- **EXERCISE**: Identify all lines below that hold "whole" and collect them.

>>>>

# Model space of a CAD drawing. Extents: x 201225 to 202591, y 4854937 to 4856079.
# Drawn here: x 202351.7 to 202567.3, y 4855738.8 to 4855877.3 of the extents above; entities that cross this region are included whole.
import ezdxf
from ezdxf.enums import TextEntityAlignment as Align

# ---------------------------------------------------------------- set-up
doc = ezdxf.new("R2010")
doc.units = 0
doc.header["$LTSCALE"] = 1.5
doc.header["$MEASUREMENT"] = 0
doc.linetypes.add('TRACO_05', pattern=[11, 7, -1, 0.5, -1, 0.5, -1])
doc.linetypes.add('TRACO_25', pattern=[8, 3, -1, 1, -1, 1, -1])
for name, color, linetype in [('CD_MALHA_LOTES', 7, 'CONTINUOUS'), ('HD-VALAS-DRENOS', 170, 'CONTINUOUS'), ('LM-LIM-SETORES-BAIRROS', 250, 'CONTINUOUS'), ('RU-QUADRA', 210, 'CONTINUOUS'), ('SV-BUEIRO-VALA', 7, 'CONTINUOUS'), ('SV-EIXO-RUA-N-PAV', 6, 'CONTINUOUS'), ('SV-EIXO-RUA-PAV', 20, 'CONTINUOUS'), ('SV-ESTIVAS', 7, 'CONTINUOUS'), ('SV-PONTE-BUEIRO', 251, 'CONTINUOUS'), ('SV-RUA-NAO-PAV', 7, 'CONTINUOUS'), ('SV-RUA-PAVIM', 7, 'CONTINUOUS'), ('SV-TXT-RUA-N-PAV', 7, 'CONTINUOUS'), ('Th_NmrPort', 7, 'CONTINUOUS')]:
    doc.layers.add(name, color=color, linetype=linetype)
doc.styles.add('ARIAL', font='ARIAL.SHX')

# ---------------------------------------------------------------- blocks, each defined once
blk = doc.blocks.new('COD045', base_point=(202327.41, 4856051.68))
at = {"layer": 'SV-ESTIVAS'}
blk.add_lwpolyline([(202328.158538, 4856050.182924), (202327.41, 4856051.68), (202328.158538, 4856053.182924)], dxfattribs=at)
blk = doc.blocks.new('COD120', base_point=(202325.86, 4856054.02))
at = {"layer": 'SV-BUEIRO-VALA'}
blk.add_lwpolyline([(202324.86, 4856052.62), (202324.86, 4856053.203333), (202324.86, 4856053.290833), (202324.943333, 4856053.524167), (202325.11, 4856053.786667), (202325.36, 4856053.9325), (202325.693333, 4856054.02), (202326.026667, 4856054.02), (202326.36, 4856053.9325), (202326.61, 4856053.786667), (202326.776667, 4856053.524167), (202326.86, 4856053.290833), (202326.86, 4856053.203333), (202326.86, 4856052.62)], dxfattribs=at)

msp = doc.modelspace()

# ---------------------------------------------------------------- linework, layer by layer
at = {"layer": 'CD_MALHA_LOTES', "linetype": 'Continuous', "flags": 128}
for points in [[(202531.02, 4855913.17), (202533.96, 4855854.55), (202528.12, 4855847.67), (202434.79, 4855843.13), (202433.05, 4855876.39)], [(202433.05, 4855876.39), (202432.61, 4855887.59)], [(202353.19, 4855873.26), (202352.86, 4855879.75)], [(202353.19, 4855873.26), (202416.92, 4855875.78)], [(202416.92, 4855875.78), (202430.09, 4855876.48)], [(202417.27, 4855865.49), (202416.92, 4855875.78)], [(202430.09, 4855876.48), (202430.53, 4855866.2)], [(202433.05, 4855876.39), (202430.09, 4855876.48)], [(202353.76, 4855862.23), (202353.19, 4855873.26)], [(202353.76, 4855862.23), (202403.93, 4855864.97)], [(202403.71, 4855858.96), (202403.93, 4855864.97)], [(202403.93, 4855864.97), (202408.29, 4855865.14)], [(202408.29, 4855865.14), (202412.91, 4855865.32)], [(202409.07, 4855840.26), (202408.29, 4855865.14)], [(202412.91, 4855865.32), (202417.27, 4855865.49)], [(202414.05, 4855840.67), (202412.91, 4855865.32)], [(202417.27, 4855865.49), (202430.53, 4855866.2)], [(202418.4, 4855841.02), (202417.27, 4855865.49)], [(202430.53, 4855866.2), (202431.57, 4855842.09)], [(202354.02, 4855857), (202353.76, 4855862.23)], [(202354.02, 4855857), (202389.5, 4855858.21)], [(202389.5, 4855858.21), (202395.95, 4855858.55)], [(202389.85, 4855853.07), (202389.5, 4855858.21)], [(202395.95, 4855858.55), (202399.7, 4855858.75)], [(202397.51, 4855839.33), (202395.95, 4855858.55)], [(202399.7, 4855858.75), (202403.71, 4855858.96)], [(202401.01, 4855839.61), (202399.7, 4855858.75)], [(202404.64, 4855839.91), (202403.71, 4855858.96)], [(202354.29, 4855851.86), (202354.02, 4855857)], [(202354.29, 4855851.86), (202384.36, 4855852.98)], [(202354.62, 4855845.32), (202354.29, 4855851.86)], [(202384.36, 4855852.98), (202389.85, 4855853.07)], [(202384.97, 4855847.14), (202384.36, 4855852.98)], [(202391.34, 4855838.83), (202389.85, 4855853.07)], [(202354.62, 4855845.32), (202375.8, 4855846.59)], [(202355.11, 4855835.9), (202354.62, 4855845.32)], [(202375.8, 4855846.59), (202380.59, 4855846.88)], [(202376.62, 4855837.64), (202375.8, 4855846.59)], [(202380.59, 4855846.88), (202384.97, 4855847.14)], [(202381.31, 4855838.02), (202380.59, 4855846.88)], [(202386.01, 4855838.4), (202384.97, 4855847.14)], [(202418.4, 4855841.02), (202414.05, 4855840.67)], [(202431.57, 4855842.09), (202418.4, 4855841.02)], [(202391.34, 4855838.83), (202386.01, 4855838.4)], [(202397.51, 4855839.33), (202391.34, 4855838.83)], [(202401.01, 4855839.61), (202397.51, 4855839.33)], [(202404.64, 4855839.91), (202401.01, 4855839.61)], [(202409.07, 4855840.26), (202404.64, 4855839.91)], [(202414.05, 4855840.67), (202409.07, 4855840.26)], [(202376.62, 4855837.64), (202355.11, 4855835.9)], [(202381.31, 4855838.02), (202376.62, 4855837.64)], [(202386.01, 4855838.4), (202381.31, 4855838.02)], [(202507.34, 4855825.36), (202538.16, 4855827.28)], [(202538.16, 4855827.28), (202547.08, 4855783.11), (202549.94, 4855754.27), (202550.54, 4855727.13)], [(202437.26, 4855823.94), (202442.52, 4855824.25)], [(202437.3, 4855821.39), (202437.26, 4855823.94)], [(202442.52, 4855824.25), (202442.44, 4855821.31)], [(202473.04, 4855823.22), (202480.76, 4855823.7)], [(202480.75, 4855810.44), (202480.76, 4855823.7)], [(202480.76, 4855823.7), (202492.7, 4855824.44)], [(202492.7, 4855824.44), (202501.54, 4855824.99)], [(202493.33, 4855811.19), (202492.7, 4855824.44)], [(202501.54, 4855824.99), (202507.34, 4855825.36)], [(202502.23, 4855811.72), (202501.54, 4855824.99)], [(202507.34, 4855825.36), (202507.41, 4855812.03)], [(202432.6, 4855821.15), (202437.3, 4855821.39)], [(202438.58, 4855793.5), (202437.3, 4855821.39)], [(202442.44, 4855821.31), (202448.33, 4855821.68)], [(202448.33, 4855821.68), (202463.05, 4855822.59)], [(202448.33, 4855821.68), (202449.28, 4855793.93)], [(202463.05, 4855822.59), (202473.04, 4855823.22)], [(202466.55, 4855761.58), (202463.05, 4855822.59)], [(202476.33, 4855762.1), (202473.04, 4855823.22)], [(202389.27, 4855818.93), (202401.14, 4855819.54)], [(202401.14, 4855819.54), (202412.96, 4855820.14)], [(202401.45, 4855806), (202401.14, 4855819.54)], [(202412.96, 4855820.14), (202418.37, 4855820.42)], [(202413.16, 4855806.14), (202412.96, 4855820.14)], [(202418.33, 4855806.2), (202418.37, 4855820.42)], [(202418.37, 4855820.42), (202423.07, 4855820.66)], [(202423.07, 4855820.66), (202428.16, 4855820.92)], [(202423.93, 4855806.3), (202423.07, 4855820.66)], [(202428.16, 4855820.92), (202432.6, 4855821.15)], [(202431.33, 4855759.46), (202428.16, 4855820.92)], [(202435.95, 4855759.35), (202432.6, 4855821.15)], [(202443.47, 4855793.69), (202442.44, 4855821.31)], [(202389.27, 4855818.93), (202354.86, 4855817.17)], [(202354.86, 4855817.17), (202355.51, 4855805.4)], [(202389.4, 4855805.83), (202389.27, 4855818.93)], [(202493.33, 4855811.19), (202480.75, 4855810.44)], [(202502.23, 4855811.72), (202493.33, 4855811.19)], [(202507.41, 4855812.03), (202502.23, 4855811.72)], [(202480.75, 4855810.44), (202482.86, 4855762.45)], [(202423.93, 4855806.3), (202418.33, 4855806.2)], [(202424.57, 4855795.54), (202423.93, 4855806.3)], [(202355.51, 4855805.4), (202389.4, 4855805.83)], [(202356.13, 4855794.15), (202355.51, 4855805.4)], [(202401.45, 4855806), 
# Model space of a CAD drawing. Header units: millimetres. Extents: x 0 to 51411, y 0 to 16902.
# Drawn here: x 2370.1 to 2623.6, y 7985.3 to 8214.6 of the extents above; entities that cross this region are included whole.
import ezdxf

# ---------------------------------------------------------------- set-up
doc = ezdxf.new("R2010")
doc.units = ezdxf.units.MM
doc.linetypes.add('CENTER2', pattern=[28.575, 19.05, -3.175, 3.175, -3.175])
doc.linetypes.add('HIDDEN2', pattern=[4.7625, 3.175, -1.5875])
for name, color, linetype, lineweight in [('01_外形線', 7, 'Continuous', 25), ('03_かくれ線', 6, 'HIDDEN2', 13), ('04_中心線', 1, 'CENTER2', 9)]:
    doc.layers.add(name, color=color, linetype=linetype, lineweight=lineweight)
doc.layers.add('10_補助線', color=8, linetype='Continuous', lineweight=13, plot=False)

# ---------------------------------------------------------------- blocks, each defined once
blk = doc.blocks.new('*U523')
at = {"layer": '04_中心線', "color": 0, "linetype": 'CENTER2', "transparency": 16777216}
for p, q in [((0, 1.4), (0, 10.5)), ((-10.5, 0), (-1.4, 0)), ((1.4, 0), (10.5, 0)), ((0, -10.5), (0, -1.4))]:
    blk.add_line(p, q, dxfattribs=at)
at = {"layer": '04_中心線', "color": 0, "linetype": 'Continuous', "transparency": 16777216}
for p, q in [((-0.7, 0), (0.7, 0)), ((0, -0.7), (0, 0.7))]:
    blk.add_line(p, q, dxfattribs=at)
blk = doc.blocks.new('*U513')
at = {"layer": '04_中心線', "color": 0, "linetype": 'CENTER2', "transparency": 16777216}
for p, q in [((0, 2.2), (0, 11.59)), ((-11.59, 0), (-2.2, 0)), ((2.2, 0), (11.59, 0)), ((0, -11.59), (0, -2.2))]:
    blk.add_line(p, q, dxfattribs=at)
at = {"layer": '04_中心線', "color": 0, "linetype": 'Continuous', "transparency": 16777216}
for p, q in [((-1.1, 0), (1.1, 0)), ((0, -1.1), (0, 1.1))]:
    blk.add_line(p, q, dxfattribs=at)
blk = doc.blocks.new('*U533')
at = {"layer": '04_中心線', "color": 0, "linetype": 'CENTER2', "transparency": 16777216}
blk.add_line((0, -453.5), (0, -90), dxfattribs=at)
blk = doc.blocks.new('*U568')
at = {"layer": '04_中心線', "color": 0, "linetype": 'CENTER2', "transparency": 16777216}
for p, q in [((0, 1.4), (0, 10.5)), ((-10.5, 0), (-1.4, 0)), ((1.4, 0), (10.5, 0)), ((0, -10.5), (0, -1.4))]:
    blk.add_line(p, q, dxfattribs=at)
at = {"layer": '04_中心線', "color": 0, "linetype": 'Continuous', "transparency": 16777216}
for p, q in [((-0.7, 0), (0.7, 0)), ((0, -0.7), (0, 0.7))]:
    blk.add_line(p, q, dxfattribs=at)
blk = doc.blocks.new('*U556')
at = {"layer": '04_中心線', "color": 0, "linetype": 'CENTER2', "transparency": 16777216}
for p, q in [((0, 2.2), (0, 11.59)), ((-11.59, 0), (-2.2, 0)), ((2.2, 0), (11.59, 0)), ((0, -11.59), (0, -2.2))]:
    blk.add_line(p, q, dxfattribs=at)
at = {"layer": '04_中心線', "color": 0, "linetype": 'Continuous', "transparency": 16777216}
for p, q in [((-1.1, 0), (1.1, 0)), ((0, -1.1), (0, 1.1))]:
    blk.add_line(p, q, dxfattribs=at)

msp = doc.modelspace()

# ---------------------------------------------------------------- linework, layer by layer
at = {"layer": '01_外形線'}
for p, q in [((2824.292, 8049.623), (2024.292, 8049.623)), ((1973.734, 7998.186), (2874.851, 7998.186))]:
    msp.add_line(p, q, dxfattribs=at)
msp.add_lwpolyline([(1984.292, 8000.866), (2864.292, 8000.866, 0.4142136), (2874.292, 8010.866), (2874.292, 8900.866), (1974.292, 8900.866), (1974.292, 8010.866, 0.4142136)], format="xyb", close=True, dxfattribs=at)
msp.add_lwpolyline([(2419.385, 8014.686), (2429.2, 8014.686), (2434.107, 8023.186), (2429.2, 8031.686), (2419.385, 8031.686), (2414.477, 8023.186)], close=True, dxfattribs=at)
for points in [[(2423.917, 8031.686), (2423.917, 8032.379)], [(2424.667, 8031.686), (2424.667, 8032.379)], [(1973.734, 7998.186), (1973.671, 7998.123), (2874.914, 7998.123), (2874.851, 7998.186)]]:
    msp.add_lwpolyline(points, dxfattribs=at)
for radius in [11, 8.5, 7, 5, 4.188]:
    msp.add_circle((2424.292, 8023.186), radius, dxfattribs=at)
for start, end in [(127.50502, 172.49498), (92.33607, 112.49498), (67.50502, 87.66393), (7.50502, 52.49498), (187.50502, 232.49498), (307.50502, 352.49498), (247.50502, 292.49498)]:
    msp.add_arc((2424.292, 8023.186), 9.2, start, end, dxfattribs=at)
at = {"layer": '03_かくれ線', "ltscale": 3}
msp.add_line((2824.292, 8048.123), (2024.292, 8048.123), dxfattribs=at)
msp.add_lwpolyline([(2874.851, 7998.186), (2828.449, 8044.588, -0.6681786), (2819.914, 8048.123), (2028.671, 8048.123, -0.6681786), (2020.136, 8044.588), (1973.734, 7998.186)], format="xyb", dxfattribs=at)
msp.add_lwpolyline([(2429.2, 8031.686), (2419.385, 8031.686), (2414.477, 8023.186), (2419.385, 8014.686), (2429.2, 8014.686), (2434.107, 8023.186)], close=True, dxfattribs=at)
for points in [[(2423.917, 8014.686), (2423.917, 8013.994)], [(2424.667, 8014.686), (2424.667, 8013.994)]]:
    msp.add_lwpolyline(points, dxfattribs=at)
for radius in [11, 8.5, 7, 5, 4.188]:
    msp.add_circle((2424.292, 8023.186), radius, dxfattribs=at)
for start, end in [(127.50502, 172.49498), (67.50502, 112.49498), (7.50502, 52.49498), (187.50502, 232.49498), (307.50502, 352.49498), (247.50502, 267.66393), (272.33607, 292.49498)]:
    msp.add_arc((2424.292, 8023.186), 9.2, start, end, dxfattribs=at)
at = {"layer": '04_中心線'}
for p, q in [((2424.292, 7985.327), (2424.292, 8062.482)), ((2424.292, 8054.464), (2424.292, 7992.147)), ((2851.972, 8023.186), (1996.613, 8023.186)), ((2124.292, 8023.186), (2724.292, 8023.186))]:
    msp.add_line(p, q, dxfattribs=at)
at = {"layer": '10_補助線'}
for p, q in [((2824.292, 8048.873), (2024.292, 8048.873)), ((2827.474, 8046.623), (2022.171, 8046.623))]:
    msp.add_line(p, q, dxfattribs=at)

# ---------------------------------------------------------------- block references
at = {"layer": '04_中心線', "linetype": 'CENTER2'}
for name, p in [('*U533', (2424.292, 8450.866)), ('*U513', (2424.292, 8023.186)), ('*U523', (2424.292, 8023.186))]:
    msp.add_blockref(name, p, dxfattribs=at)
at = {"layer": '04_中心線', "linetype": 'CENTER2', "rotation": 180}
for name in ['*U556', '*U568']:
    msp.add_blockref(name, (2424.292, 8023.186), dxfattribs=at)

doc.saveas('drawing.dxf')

<<<<

- **OUTPUT FOR THIS TASK**:
# Drawn here: x 202351.7 to 202567.3, y 4855738.8 to 4855877.3 of the extents above; entities that cross this region are included whole.
# Drawn here: x 2370.1 to 2623.6, y 7985.3 to 8214.6 of the extents above; entities that cross this region are included whole.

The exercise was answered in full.